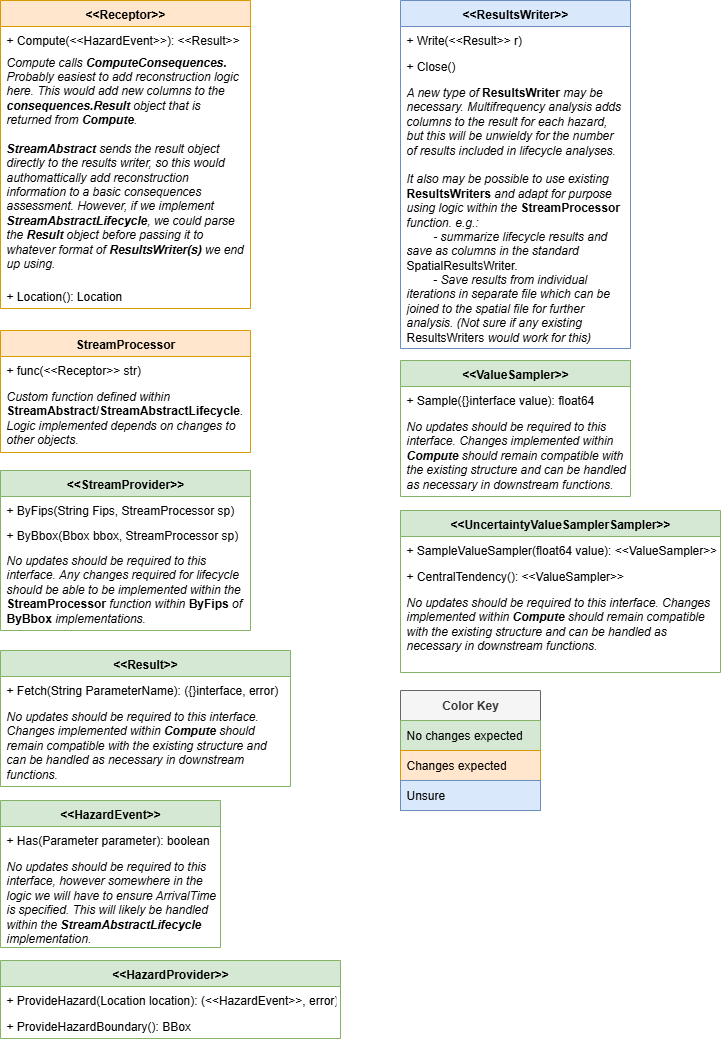

The diagram above was exported from draw.io. Its source (the exported page's mxGraphModel, read from the mxfile embedded in the PNG):
<mxGraphModel dx="1426" dy="841" grid="1" gridSize="10" guides="1" tooltips="1" connect="1" arrows="1" fold="1" page="1" pageScale="1" pageWidth="850" pageHeight="1100" math="0" shadow="0">
  <root>
    <mxCell id="0" />
    <mxCell id="1" parent="0" />
    <mxCell id="4oVQOs9NOsqmQCFZLNWR-1" value="&lt;&lt;Receptor&gt;&gt;" style="swimlane;fontStyle=1;align=center;verticalAlign=top;childLayout=stackLayout;horizontal=1;startSize=26;horizontalStack=0;resizeParent=1;resizeParentMax=0;resizeLast=0;collapsible=1;marginBottom=0;fillColor=#ffe6cc;strokeColor=#d79b00;" parent="1" vertex="1">
      <mxGeometry x="40" y="40" width="250" height="308" as="geometry" />
    </mxCell>
    <mxCell id="4oVQOs9NOsqmQCFZLNWR-4" value="+ Compute(&lt;&lt;HazardEvent&gt;&gt;): &lt;&lt;Result&gt;&gt;" style="text;strokeColor=none;fillColor=none;align=left;verticalAlign=top;spacingLeft=4;spacingRight=4;overflow=hidden;rotatable=0;points=[[0,0.5],[1,0.5]];portConstraint=eastwest;" parent="4oVQOs9NOsqmQCFZLNWR-1" vertex="1">
      <mxGeometry y="26" width="250" height="26" as="geometry" />
    </mxCell>
    <mxCell id="b7xK3bh1fwTg6WPPIEsJ-5" value="&lt;i&gt;Compute calls &lt;b&gt;ComputeConsequences. &lt;/b&gt;Probably easiest to add reconstruction logic here. This would add new columns to the &lt;b&gt;consequences.Result &lt;/b&gt;object that is returned from &lt;b&gt;Compute&lt;/b&gt;.&lt;/i&gt;&lt;div&gt;&lt;i&gt;&lt;b&gt;&lt;br&gt;&lt;/b&gt;&lt;/i&gt;&lt;/div&gt;&lt;div&gt;&lt;i&gt;&lt;b&gt;StreamAbstract&lt;/b&gt;&amp;nbsp;sends the result object directly to the results writer, so this would authomattically add reconstruction information to a basic consequences assessment. However, if we implement &lt;b&gt;StreamAbstractLifecycle&lt;/b&gt;, we could parse the &lt;b&gt;Result&lt;/b&gt;&amp;nbsp;object before passing it to whatever format of &lt;b&gt;ResultsWriter(s)&lt;/b&gt;&amp;nbsp;we end up using.&amp;nbsp;&lt;/i&gt;&lt;div&gt;&lt;i&gt;&lt;br&gt;&lt;/i&gt;&lt;/div&gt;&lt;div&gt;&lt;i&gt;&lt;br&gt;&lt;/i&gt;&lt;/div&gt;&lt;/div&gt;" style="text;align=left;verticalAlign=middle;spacingLeft=4;spacingRight=4;overflow=hidden;points=[[0,0.5],[1,0.5]];portConstraint=eastwest;rotatable=0;whiteSpace=wrap;html=1;" vertex="1" parent="4oVQOs9NOsqmQCFZLNWR-1">
      <mxGeometry y="52" width="250" height="230" as="geometry" />
    </mxCell>
    <mxCell id="4oVQOs9NOsqmQCFZLNWR-20" value="+ Location(): Location" style="text;strokeColor=none;fillColor=none;align=left;verticalAlign=top;spacingLeft=4;spacingRight=4;overflow=hidden;rotatable=0;points=[[0,0.5],[1,0.5]];portConstraint=eastwest;" parent="4oVQOs9NOsqmQCFZLNWR-1" vertex="1">
      <mxGeometry y="282" width="250" height="26" as="geometry" />
    </mxCell>
    <mxCell id="4oVQOs9NOsqmQCFZLNWR-5" value="&lt;&lt;Result&gt;&gt;" style="swimlane;fontStyle=1;align=center;verticalAlign=top;childLayout=stackLayout;horizontal=1;startSize=26;horizontalStack=0;resizeParent=1;resizeParentMax=0;resizeLast=0;collapsible=1;marginBottom=0;fillColor=#d5e8d4;strokeColor=#82b366;" parent="1" vertex="1">
      <mxGeometry x="40" y="690" width="290" height="136" as="geometry" />
    </mxCell>
    <mxCell id="4oVQOs9NOsqmQCFZLNWR-6" value="+ Fetch(String ParameterName): ({}interface, error)" style="text;strokeColor=none;fillColor=none;align=left;verticalAlign=top;spacingLeft=4;spacingRight=4;overflow=hidden;rotatable=0;points=[[0,0.5],[1,0.5]];portConstraint=eastwest;" parent="4oVQOs9NOsqmQCFZLNWR-5" vertex="1">
      <mxGeometry y="26" width="290" height="26" as="geometry" />
    </mxCell>
    <mxCell id="b7xK3bh1fwTg6WPPIEsJ-6" value="No updates should be required to this interface. Changes implemented within &lt;b&gt;Compute &lt;/b&gt;should remain compatible with the existing structure and can be handled as necessary in downstream functions.&amp;nbsp;" style="text;strokeColor=none;fillColor=none;align=left;verticalAlign=top;spacingLeft=4;spacingRight=4;overflow=hidden;rotatable=0;points=[[0,0.5],[1,0.5]];portConstraint=eastwest;fontStyle=2;whiteSpace=wrap;html=1;" vertex="1" parent="4oVQOs9NOsqmQCFZLNWR-5">
      <mxGeometry y="52" width="290" height="84" as="geometry" />
    </mxCell>
    <mxCell id="4oVQOs9NOsqmQCFZLNWR-7" value="&lt;&lt;HazardEvent&gt;&gt;" style="swimlane;fontStyle=1;align=center;verticalAlign=top;childLayout=stackLayout;horizontal=1;startSize=26;horizontalStack=0;resizeParent=1;resizeParentMax=0;resizeLast=0;collapsible=1;marginBottom=0;fillColor=#d5e8d4;strokeColor=#82b366;" parent="1" vertex="1">
      <mxGeometry x="40" y="840" width="220" height="147" as="geometry" />
    </mxCell>
    <mxCell id="4oVQOs9NOsqmQCFZLNWR-8" value="+ Has(Parameter parameter): boolean" style="text;strokeColor=none;fillColor=none;align=left;verticalAlign=top;spacingLeft=4;spacingRight=4;overflow=hidden;rotatable=0;points=[[0,0.5],[1,0.5]];portConstraint=eastwest;" parent="4oVQOs9NOsqmQCFZLNWR-7" vertex="1">
      <mxGeometry y="26" width="220" height="26" as="geometry" />
    </mxCell>
    <mxCell id="b7xK3bh1fwTg6WPPIEsJ-7" value="No updates should be required to this interface, however somewhere in the logic we will have to ensure ArrivalTime is specified. This will likely be handled within the &lt;b&gt;StreamAbstractLifecycle &lt;/b&gt;implementation." style="text;strokeColor=none;fillColor=none;align=left;verticalAlign=top;spacingLeft=4;spacingRight=4;overflow=hidden;rotatable=0;points=[[0,0.5],[1,0.5]];portConstraint=eastwest;fontStyle=2;html=1;whiteSpace=wrap;" vertex="1" parent="4oVQOs9NOsqmQCFZLNWR-7">
      <mxGeometry y="52" width="220" height="95" as="geometry" />
    </mxCell>
    <mxCell id="4oVQOs9NOsqmQCFZLNWR-9" value="&lt;&lt;HazardProvider&gt;&gt;" style="swimlane;fontStyle=1;align=center;verticalAlign=top;childLayout=stackLayout;horizontal=1;startSize=26;horizontalStack=0;resizeParent=1;resizeParentMax=0;resizeLast=0;collapsible=1;marginBottom=0;fillColor=#d5e8d4;strokeColor=#82b366;" parent="1" vertex="1">
      <mxGeometry x="40" y="1000" width="340" height="78" as="geometry" />
    </mxCell>
    <mxCell id="4oVQOs9NOsqmQCFZLNWR-10" value="+ ProvideHazard(Location location): (&lt;&lt;HazardEvent&gt;&gt;, error)" style="text;strokeColor=none;fillColor=none;align=left;verticalAlign=top;spacingLeft=4;spacingRight=4;overflow=hidden;rotatable=0;points=[[0,0.5],[1,0.5]];portConstraint=eastwest;" parent="4oVQOs9NOsqmQCFZLNWR-9" vertex="1">
      <mxGeometry y="26" width="340" height="26" as="geometry" />
    </mxCell>
    <mxCell id="4oVQOs9NOsqmQCFZLNWR-13" value="+ ProvideHazardBoundary(): BBox" style="text;strokeColor=none;fillColor=none;align=left;verticalAlign=top;spacingLeft=4;spacingRight=4;overflow=hidden;rotatable=0;points=[[0,0.5],[1,0.5]];portConstraint=eastwest;" parent="4oVQOs9NOsqmQCFZLNWR-9" vertex="1">
      <mxGeometry y="52" width="340" height="26" as="geometry" />
    </mxCell>
    <mxCell id="4oVQOs9NOsqmQCFZLNWR-11" value="&lt;&lt;StreamProvider&gt;&gt;" style="swimlane;fontStyle=1;align=center;verticalAlign=top;childLayout=stackLayout;horizontal=1;startSize=26;horizontalStack=0;resizeParent=1;resizeParentMax=0;resizeLast=0;collapsible=1;marginBottom=0;fillColor=#d5e8d4;strokeColor=#82b366;" parent="1" vertex="1">
      <mxGeometry x="40" y="510" width="250" height="160" as="geometry" />
    </mxCell>
    <mxCell id="4oVQOs9NOsqmQCFZLNWR-12" value="+ ByFips(String Fips, StreamProcessor sp)" style="text;strokeColor=none;fillColor=none;align=left;verticalAlign=top;spacingLeft=4;spacingRight=4;overflow=hidden;rotatable=0;points=[[0,0.5],[1,0.5]];portConstraint=eastwest;" parent="4oVQOs9NOsqmQCFZLNWR-11" vertex="1">
      <mxGeometry y="26" width="250" height="25" as="geometry" />
    </mxCell>
    <mxCell id="4oVQOs9NOsqmQCFZLNWR-14" value="+ ByBbox(Bbox bbox, StreamProcessor sp)" style="text;strokeColor=none;fillColor=none;align=left;verticalAlign=top;spacingLeft=4;spacingRight=4;overflow=hidden;rotatable=0;points=[[0,0.5],[1,0.5]];portConstraint=eastwest;" parent="4oVQOs9NOsqmQCFZLNWR-11" vertex="1">
      <mxGeometry y="51" width="250" height="25" as="geometry" />
    </mxCell>
    <mxCell id="b7xK3bh1fwTg6WPPIEsJ-3" value="No updates should be required to this interface. Any changes required for lifecycle should be able to be implemented within the &lt;span style=&quot;font-style: normal;&quot;&gt;&lt;b&gt;StreamProcessor &lt;/b&gt;&lt;/span&gt;function within &lt;span style=&quot;font-style: normal;&quot;&gt;&lt;b&gt;ByFips &lt;/b&gt;&lt;/span&gt;of &lt;span style=&quot;font-style: normal;&quot;&gt;&lt;b&gt;ByBbox &lt;/b&gt;&lt;/span&gt;implementations.&amp;nbsp;" style="text;strokeColor=none;fillColor=none;align=left;verticalAlign=top;spacingLeft=4;spacingRight=4;overflow=hidden;rotatable=0;points=[[0,0.5],[1,0.5]];portConstraint=eastwest;fontStyle=2;whiteSpace=wrap;html=1;" vertex="1" parent="4oVQOs9NOsqmQCFZLNWR-11">
      <mxGeometry y="76" width="250" height="84" as="geometry" />
    </mxCell>
    <mxCell id="4oVQOs9NOsqmQCFZLNWR-15" value="StreamProcessor" style="swimlane;fontStyle=1;align=center;verticalAlign=top;childLayout=stackLayout;horizontal=1;startSize=26;horizontalStack=0;resizeParent=1;resizeParentMax=0;resizeLast=0;collapsible=1;marginBottom=0;fillColor=#ffe6cc;strokeColor=#d79b00;" parent="1" vertex="1">
      <mxGeometry x="40" y="370" width="250" height="122" as="geometry" />
    </mxCell>
    <mxCell id="4oVQOs9NOsqmQCFZLNWR-16" value="+ func(&lt;&lt;Receptor&gt;&gt; str)&#10;" style="text;strokeColor=none;fillColor=none;align=left;verticalAlign=top;spacingLeft=4;spacingRight=4;overflow=hidden;rotatable=0;points=[[0,0.5],[1,0.5]];portConstraint=eastwest;" parent="4oVQOs9NOsqmQCFZLNWR-15" vertex="1">
      <mxGeometry y="26" width="250" height="26" as="geometry" />
    </mxCell>
    <mxCell id="b7xK3bh1fwTg6WPPIEsJ-1" value="Custom function defined within &lt;span style=&quot;font-style: normal;&quot;&gt;&lt;b&gt;StreamAbstract/StreamAbstractLifecycle&lt;/b&gt;&lt;/span&gt;. Logic implemented depends on changes to other objects." style="text;strokeColor=none;fillColor=none;align=left;verticalAlign=top;spacingLeft=4;spacingRight=4;overflow=hidden;rotatable=0;points=[[0,0.5],[1,0.5]];portConstraint=eastwest;fontStyle=2;whiteSpace=wrap;html=1;" vertex="1" parent="4oVQOs9NOsqmQCFZLNWR-15">
      <mxGeometry y="52" width="250" height="70" as="geometry" />
    </mxCell>
    <mxCell id="4oVQOs9NOsqmQCFZLNWR-18" value="&lt;&lt;ResultsWriter&gt;&gt;" style="swimlane;fontStyle=1;align=center;verticalAlign=top;childLayout=stackLayout;horizontal=1;startSize=26;horizontalStack=0;resizeParent=1;resizeParentMax=0;resizeLast=0;collapsible=1;marginBottom=0;fillColor=#dae8fc;strokeColor=#6c8ebf;" parent="1" vertex="1">
      <mxGeometry x="440" y="40" width="230" height="348" as="geometry" />
    </mxCell>
    <mxCell id="4oVQOs9NOsqmQCFZLNWR-19" value="+ Write(&lt;&lt;Result&gt;&gt; r)" style="text;strokeColor=none;fillColor=none;align=left;verticalAlign=top;spacingLeft=4;spacingRight=4;overflow=hidden;rotatable=0;points=[[0,0.5],[1,0.5]];portConstraint=eastwest;" parent="4oVQOs9NOsqmQCFZLNWR-18" vertex="1">
      <mxGeometry y="26" width="230" height="26" as="geometry" />
    </mxCell>
    <mxCell id="4oVQOs9NOsqmQCFZLNWR-21" value="+ Close()" style="text;strokeColor=none;fillColor=none;align=left;verticalAlign=top;spacingLeft=4;spacingRight=4;overflow=hidden;rotatable=0;points=[[0,0.5],[1,0.5]];portConstraint=eastwest;" parent="4oVQOs9NOsqmQCFZLNWR-18" vertex="1">
      <mxGeometry y="52" width="230" height="26" as="geometry" />
    </mxCell>
    <mxCell id="b7xK3bh1fwTg6WPPIEsJ-2" value="A new type of &lt;span style=&quot;font-style: normal;&quot;&gt;&lt;b&gt;ResultsWriter &lt;/b&gt;&lt;/span&gt;may be necessary. Multifrequency analysis adds columns to the result for each hazard, but this will be unwieldy for the number of results included in lifecycle analyses.&amp;nbsp;&lt;br&gt;&lt;br&gt;It also may be possible to use existing &lt;span style=&quot;font-style: normal;&quot;&gt;&lt;b&gt;ResultsWriters &lt;/b&gt;&lt;/span&gt;and adapt for purpose using logic within the &lt;span style=&quot;font-style: normal;&quot;&gt;&lt;b&gt;StreamProcessor &lt;/b&gt;&lt;/span&gt;function. e.g.:&lt;div&gt;&lt;span style=&quot;white-space: pre;&quot;&gt;&#09;&lt;/span&gt;- summarize lifecycle results and save as columns in the standard &lt;span style=&quot;font-style: normal;&quot;&gt;SpatialResultsWriter.&lt;/span&gt;&lt;br&gt;&lt;/div&gt;&lt;div&gt;&lt;span style=&quot;font-style: normal;&quot;&gt;&lt;span style=&quot;white-space: pre;&quot;&gt;&#09;&lt;/span&gt;- &lt;/span&gt;Save results from individual iterations in separate file which can be joined to the spatial file for further analysis. (Not sure if any existing &lt;span style=&quot;font-style: normal;&quot;&gt;ResultsWriters&lt;/span&gt;&amp;nbsp;would work for this)&lt;br&gt;&lt;/div&gt;" style="text;strokeColor=none;fillColor=none;align=left;verticalAlign=top;spacingLeft=4;spacingRight=4;overflow=hidden;rotatable=0;points=[[0,0.5],[1,0.5]];portConstraint=eastwest;fontStyle=2;whiteSpace=wrap;html=1;" vertex="1" parent="4oVQOs9NOsqmQCFZLNWR-18">
      <mxGeometry y="78" width="230" height="270" as="geometry" />
    </mxCell>
    <mxCell id="4oVQOs9NOsqmQCFZLNWR-22" value="&lt;&lt;ValueSampler&gt;&gt;" style="swimlane;fontStyle=1;align=center;verticalAlign=top;childLayout=stackLayout;horizontal=1;startSize=26;horizontalStack=0;resizeParent=1;resizeParentMax=0;resizeLast=0;collapsible=1;marginBottom=0;fillColor=#d5e8d4;strokeColor=#82b366;" parent="1" vertex="1">
      <mxGeometry x="440" y="400" width="230" height="136" as="geometry" />
    </mxCell>
    <mxCell id="4oVQOs9NOsqmQCFZLNWR-23" value="+ Sample({}interface value): float64" style="text;strokeColor=none;fillColor=none;align=left;verticalAlign=top;spacingLeft=4;spacingRight=4;overflow=hidden;rotatable=0;points=[[0,0.5],[1,0.5]];portConstraint=eastwest;" parent="4oVQOs9NOsqmQCFZLNWR-22" vertex="1">
      <mxGeometry y="26" width="230" height="26" as="geometry" />
    </mxCell>
    <mxCell id="b7xK3bh1fwTg6WPPIEsJ-8" value="No updates should be required to this interface. Changes implemented within &lt;b&gt;Compute &lt;/b&gt;should remain compatible with the existing structure and can be handled as necessary in downstream functions.&amp;nbsp;" style="text;strokeColor=none;fillColor=none;align=left;verticalAlign=top;spacingLeft=4;spacingRight=4;overflow=hidden;rotatable=0;points=[[0,0.5],[1,0.5]];portConstraint=eastwest;fontStyle=2;whiteSpace=wrap;html=1;" vertex="1" parent="4oVQOs9NOsqmQCFZLNWR-22">
      <mxGeometry y="52" width="230" height="84" as="geometry" />
    </mxCell>
    <mxCell id="4oVQOs9NOsqmQCFZLNWR-25" value="&lt;&lt;UncertaintyValueSamplerSampler&gt;&gt;" style="swimlane;fontStyle=1;align=center;verticalAlign=top;childLayout=stackLayout;horizontal=1;startSize=26;horizontalStack=0;resizeParent=1;resizeParentMax=0;resizeLast=0;collapsible=1;marginBottom=0;fillColor=#d5e8d4;strokeColor=#82b366;" parent="1" vertex="1">
      <mxGeometry x="440" y="550" width="320" height="162" as="geometry" />
    </mxCell>
    <mxCell id="4oVQOs9NOsqmQCFZLNWR-26" value="+ SampleValueSampler(float64 value): &lt;&lt;ValueSampler&gt;&gt;" style="text;strokeColor=none;fillColor=none;align=left;verticalAlign=top;spacingLeft=4;spacingRight=4;overflow=hidden;rotatable=0;points=[[0,0.5],[1,0.5]];portConstraint=eastwest;" parent="4oVQOs9NOsqmQCFZLNWR-25" vertex="1">
      <mxGeometry y="26" width="320" height="26" as="geometry" />
    </mxCell>
    <mxCell id="4oVQOs9NOsqmQCFZLNWR-27" value="+ CentralTendency(): &lt;&lt;ValueSampler&gt;&gt;" style="text;strokeColor=none;fillColor=none;align=left;verticalAlign=top;spacingLeft=4;spacingRight=4;overflow=hidden;rotatable=0;points=[[0,0.5],[1,0.5]];portConstraint=eastwest;" parent="4oVQOs9NOsqmQCFZLNWR-25" vertex="1">
      <mxGeometry y="52" width="320" height="26" as="geometry" />
    </mxCell>
    <mxCell id="b7xK3bh1fwTg6WPPIEsJ-9" value="No updates should be required to this interface. Changes implemented within &lt;b&gt;Compute &lt;/b&gt;should remain compatible with the existing structure and can be handled as necessary in downstream functions.&amp;nbsp;" style="text;strokeColor=none;fillColor=none;align=left;verticalAlign=top;spacingLeft=4;spacingRight=4;overflow=hidden;rotatable=0;points=[[0,0.5],[1,0.5]];portConstraint=eastwest;fontStyle=2;whiteSpace=wrap;html=1;" vertex="1" parent="4oVQOs9NOsqmQCFZLNWR-25">
      <mxGeometry y="78" width="320" height="84" as="geometry" />
    </mxCell>
    <mxCell id="b7xK3bh1fwTg6WPPIEsJ-10" value="Color Key" style="swimlane;fontStyle=1;childLayout=stackLayout;horizontal=1;startSize=30;horizontalStack=0;resizeParent=1;resizeParentMax=0;resizeLast=0;collapsible=1;marginBottom=0;whiteSpace=wrap;html=1;fillColor=#f5f5f5;fontColor=#333333;strokeColor=#666666;" vertex="1" parent="1">
      <mxGeometry x="440" y="730" width="140" height="120" as="geometry" />
    </mxCell>
    <mxCell id="b7xK3bh1fwTg6WPPIEsJ-11" value="No changes expected" style="text;strokeColor=#82b366;fillColor=#d5e8d4;align=left;verticalAlign=middle;spacingLeft=4;spacingRight=4;overflow=hidden;points=[[0,0.5],[1,0.5]];portConstraint=eastwest;rotatable=0;whiteSpace=wrap;html=1;" vertex="1" parent="b7xK3bh1fwTg6WPPIEsJ-10">
      <mxGeometry y="30" width="140" height="30" as="geometry" />
    </mxCell>
    <mxCell id="b7xK3bh1fwTg6WPPIEsJ-12" value="Changes expected" style="text;strokeColor=#d79b00;fillColor=#ffe6cc;align=left;verticalAlign=middle;spacingLeft=4;spacingRight=4;overflow=hidden;points=[[0,0.5],[1,0.5]];portConstraint=eastwest;rotatable=0;whiteSpace=wrap;html=1;" vertex="1" parent="b7xK3bh1fwTg6WPPIEsJ-10">
      <mxGeometry y="60" width="140" height="30" as="geometry" />
    </mxCell>
    <mxCell id="b7xK3bh1fwTg6WPPIEsJ-13" value="Unsure" style="text;strokeColor=#6c8ebf;fillColor=#dae8fc;align=left;verticalAlign=middle;spacingLeft=4;spacingRight=4;overflow=hidden;points=[[0,0.5],[1,0.5]];portConstraint=eastwest;rotatable=0;whiteSpace=wrap;html=1;" vertex="1" parent="b7xK3bh1fwTg6WPPIEsJ-10">
      <mxGeometry y="90" width="140" height="30" as="geometry" />
    </mxCell>
  </root>
</mxGraphModel>

━━━━

▶ _EXERCISE OBJECTIVE_
All lines that contain the word "error" should be copied from the listing.

▶ _RESULT OF THIS TASK_
    <mxCell id="4oVQOs9NOsqmQCFZLNWR-6" value="+ Fetch(String ParameterName): ({}interface, error)" style="text;strokeColor=none;fillColor=none;align=left;verticalAlign=top;spacingLeft=4;spacingRight=4;overflow=hidden;rotatable=0;points=[[0,0.5],[1,0.5]];portConstraint=eastwest;" parent="4oVQOs9NOsqmQCFZLNWR-5" vertex="1">
    <mxCell id="4oVQOs9NOsqmQCFZLNWR-10" value="+ ProvideHazard(Location location): (&lt;&lt;HazardEvent&gt;&gt;, error)" style="text;strokeColor=none;fillColor=none;align=left;verticalAlign=top;spacingLeft=4;spacingRight=4;overflow=hidden;rotatable=0;points=[[0,0.5],[1,0.5]];portConstraint=eastwest;" parent="4oVQOs9NOsqmQCFZLNWR-9" vertex="1">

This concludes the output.